Все оказалось намного проще, чем он навоображал. Ее отец, который виделся ему лощеным дипломатом строгих правил, оказался простым в общении, разговорчивым человеком. А мама, хоть и задавала вопросы с типично женским любопытством, делала это очень тактично и непринужденно. Кира чувствовала себя естественно, и вскоре Алекс тоже перестал ощущать скованность. Кира оседлала любимого конька – стала хвалить достижения Гурова.
– Алекс, между прочим, стал уже правой рукой шефа! Ковальчук от него просто в восторге, сам мне не раз говорил.
– Ну, ты преувеличиваешь. Крупные заказы я пока не беру.
– Только потому, что сам не поговоришь с Ковальчуком по этому поводу. Он все скромничает, – заявила она родителям. – Знает, что справится с любым заказом, но не хочет поговорить об этом с шефом. Что, я не права? – повернулась она к Гурову.
Тот пожал плечами.
– Вот взять, к примеру, ваш последний заказ, – увлеченно продолжала Кира. – У тебя ведь есть мысли, как его сделать, почему же ты молчишь? Ты должен представить свои идеи, взять на себя ответственность, показать себя! Чего ты боишься?

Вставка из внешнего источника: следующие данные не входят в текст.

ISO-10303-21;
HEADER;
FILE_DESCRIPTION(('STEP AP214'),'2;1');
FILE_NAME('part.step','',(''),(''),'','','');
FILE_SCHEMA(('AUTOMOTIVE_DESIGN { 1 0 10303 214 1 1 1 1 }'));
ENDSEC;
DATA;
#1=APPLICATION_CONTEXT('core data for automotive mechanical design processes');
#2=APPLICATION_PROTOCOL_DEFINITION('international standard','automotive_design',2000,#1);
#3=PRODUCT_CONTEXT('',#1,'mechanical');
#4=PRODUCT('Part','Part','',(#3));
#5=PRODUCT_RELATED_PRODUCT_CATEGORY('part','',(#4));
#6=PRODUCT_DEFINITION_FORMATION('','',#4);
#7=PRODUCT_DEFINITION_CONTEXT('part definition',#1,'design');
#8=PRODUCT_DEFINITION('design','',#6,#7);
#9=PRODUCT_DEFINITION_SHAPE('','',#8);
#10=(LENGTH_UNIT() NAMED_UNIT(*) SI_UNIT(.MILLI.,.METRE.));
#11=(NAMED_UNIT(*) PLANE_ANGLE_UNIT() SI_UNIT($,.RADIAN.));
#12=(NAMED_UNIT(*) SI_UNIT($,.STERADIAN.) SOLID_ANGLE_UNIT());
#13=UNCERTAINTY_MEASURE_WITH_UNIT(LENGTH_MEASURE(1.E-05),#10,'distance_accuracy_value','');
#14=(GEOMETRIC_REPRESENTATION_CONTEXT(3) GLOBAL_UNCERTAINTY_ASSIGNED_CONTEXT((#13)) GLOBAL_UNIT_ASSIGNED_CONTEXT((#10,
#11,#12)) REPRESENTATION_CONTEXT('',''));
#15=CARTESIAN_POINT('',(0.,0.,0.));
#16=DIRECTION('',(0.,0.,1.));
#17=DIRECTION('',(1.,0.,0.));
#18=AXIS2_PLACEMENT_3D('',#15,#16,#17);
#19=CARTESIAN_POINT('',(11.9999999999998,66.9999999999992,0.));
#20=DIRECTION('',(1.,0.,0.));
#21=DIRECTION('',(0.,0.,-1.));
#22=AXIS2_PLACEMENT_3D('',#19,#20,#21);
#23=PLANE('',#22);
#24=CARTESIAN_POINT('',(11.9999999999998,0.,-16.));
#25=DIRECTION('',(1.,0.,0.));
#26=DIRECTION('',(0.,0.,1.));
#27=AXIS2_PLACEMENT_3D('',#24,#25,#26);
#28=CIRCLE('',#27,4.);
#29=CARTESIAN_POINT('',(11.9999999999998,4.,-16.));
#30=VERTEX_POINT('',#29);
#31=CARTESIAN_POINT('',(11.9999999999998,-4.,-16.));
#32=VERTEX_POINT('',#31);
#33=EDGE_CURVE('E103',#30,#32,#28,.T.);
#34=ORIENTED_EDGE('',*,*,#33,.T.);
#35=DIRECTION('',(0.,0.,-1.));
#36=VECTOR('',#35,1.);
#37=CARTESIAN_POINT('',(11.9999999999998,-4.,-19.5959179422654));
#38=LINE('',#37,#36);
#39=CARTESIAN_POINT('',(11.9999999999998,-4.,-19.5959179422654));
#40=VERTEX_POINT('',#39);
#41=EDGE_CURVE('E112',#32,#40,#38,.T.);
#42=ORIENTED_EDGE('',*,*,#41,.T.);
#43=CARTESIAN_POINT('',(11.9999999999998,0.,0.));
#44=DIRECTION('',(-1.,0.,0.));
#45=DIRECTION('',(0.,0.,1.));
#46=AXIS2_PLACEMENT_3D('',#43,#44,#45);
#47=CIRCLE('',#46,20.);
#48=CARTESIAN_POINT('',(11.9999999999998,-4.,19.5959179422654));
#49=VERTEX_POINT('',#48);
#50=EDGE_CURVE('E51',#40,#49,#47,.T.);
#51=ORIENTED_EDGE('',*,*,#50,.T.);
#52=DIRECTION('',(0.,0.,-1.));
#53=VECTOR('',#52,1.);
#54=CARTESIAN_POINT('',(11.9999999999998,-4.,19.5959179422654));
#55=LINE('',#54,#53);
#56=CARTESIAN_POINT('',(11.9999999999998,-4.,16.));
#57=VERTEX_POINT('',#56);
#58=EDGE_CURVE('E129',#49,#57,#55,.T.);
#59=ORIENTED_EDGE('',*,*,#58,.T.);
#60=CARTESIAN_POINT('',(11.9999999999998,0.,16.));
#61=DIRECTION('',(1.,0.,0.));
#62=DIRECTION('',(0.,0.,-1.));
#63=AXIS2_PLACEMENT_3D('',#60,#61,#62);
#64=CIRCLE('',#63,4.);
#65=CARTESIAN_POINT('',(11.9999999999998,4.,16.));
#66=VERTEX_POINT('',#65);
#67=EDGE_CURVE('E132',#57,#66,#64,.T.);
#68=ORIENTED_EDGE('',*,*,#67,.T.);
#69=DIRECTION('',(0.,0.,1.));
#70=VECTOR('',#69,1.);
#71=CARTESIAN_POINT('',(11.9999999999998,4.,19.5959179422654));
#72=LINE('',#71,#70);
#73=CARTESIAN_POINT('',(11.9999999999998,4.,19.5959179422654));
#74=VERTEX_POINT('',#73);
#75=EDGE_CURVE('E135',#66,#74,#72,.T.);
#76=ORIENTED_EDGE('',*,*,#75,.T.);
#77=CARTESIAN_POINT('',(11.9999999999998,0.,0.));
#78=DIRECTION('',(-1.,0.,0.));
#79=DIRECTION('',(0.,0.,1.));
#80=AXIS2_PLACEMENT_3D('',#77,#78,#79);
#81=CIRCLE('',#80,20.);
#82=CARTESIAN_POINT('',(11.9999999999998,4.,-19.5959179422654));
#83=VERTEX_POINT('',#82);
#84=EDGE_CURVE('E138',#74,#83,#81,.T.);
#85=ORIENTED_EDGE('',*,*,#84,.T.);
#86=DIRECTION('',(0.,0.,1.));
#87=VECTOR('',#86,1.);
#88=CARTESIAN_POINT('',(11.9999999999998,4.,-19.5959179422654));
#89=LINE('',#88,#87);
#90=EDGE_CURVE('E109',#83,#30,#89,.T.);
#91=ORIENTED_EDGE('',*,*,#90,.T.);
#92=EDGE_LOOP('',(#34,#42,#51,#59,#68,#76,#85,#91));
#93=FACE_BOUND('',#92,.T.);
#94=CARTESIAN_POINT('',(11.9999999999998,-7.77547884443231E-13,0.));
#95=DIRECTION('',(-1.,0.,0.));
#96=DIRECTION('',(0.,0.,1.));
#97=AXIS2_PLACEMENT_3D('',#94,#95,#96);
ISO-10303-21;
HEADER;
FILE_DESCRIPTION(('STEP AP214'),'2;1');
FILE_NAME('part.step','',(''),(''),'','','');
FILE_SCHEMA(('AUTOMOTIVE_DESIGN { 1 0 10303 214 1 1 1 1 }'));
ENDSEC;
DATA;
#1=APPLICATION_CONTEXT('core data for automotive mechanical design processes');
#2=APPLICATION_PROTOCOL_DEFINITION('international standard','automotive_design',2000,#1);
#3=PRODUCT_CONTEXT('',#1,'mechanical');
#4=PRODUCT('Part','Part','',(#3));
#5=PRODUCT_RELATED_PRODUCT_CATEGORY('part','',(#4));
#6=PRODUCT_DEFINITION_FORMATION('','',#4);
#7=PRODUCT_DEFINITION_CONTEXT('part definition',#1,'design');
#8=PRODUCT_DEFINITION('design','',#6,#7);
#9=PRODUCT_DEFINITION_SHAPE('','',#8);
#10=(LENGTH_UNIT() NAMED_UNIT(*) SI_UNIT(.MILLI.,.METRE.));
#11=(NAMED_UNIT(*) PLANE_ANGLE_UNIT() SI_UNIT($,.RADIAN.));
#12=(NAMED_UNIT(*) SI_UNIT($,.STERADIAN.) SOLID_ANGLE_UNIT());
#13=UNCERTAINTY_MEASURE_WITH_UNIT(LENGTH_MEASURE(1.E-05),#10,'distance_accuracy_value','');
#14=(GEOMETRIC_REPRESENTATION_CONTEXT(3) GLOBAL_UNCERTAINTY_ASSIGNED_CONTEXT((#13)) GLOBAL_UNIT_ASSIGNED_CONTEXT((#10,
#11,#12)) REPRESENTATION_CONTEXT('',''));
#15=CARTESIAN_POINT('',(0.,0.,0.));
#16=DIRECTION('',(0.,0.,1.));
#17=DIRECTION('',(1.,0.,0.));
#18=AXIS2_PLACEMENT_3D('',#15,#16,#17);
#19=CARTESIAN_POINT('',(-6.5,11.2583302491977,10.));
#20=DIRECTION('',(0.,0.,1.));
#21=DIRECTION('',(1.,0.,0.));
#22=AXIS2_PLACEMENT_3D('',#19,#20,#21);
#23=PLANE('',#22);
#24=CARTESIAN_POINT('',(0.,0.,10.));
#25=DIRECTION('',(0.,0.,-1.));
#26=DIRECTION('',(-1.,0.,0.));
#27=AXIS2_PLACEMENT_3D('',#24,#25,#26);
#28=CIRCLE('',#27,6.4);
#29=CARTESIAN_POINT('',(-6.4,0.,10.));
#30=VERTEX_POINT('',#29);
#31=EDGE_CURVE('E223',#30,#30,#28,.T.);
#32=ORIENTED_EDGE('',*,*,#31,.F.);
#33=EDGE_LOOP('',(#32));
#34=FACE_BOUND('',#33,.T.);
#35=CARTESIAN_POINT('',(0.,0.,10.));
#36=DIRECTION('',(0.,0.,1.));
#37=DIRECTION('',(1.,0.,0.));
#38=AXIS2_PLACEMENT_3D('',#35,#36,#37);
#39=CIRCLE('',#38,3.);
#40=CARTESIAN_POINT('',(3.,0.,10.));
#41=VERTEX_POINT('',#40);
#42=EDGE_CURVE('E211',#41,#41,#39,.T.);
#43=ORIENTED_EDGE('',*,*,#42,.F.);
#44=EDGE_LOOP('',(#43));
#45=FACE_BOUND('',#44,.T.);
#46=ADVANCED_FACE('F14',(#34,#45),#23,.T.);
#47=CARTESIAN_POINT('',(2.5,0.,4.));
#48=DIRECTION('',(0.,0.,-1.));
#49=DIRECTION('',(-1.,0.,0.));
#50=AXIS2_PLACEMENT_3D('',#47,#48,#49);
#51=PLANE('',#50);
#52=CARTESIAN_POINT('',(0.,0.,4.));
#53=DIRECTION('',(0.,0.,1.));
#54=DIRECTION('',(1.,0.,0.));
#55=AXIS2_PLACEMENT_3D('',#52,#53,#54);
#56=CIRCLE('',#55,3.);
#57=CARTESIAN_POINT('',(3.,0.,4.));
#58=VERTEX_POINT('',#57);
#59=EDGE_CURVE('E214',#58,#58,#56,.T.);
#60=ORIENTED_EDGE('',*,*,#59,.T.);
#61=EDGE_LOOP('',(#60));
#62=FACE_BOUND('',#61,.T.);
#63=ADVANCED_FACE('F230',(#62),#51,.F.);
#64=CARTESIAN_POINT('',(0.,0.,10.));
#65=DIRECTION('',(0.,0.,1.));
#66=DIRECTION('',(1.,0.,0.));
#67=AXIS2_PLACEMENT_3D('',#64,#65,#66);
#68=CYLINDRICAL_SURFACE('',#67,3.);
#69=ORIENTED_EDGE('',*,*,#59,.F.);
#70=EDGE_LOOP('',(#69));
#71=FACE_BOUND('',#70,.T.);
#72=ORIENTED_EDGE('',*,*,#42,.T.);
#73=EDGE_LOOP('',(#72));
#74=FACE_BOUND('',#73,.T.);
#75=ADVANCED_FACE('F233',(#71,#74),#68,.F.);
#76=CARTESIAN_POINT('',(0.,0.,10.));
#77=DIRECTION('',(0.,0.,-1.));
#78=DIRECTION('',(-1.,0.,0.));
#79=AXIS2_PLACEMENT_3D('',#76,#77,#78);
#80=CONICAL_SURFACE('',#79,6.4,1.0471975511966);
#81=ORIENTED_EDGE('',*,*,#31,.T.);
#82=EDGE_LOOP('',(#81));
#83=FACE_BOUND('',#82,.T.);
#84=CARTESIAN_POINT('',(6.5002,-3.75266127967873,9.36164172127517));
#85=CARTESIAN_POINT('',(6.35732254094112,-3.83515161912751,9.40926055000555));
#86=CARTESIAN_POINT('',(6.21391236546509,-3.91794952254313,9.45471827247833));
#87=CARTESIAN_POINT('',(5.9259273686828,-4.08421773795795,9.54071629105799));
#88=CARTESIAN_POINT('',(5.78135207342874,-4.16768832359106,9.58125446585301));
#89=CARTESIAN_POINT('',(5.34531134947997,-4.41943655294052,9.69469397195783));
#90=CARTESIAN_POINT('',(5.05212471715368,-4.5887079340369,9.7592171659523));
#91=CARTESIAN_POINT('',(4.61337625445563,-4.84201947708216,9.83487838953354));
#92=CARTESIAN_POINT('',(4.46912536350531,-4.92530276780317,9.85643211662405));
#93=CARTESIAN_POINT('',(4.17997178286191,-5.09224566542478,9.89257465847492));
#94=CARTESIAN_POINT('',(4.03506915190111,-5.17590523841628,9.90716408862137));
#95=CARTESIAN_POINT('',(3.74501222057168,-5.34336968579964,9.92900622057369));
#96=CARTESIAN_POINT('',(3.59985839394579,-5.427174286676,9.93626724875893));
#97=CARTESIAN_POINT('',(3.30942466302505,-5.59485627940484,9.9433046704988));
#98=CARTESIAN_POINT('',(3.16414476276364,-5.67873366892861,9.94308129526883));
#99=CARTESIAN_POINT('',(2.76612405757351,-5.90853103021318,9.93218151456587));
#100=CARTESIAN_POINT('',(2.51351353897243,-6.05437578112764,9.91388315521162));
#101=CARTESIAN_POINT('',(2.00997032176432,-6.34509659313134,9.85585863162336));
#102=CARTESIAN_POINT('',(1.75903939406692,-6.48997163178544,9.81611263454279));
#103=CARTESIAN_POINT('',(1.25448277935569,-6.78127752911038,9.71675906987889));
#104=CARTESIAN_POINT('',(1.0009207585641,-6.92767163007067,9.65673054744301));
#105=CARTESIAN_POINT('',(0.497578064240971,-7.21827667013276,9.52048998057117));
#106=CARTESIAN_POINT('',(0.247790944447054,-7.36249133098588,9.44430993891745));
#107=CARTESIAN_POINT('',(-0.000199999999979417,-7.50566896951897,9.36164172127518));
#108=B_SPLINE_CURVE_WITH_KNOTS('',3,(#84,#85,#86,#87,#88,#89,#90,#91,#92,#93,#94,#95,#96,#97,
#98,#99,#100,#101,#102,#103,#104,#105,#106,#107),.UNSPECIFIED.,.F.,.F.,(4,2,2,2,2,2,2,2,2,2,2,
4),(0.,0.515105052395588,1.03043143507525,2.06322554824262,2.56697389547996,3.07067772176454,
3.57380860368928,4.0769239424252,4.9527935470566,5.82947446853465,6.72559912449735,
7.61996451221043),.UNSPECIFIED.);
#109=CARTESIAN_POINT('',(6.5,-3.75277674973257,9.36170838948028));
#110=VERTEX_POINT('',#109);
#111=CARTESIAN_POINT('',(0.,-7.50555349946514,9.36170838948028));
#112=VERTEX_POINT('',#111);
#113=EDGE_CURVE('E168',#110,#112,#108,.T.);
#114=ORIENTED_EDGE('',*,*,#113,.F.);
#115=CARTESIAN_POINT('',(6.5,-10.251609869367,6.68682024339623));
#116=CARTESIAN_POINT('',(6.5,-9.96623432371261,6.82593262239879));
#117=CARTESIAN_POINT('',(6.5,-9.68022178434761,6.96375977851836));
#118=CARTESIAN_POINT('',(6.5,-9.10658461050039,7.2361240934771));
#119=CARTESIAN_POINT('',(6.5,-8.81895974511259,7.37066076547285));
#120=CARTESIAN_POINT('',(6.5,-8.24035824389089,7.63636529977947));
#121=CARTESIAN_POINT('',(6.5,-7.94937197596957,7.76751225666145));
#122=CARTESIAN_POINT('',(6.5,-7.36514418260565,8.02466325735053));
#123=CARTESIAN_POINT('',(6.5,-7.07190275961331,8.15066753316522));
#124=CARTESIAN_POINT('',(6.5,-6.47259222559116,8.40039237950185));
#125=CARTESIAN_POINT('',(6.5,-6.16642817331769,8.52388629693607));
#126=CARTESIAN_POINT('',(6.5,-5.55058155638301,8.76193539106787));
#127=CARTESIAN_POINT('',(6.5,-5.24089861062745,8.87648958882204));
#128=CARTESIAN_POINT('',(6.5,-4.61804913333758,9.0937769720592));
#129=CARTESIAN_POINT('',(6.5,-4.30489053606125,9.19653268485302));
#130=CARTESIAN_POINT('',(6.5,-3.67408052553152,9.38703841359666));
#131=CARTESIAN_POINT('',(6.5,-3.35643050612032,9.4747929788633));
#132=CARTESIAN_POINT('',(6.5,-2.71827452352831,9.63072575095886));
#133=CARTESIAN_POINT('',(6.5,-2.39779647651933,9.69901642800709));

– Да не боюсь я ничего, просто как-то неудобно выскакивать по поводу и без. Шеф сам знает, на что я способен. Просто я еще не дорос до таких масштабов.
– Кира, ты, как всегда, в роли универсального советчика, – мягко заметил отец.
– Да нет же, просто Алекс скромничает! А я знаю, что он – талант. Ведь мой же дом он сделал!
– И очень красиво сделал, – вставила Светлана Георгиевна, подкладывая салат в тарелку Алекса.
– Ну вот и я о том же!
– Твой дом – другое дело, – несколько смущенно ответил Алекс. Ему стало неловко, что он стал центром дискуссии. Зачем Кира ее затеяла?
– Почему другое дело? Из-за оплаты? Так считай, что ты практиковался. А теперь настала пора для настоящего заказа. Хватит уже прибедняться!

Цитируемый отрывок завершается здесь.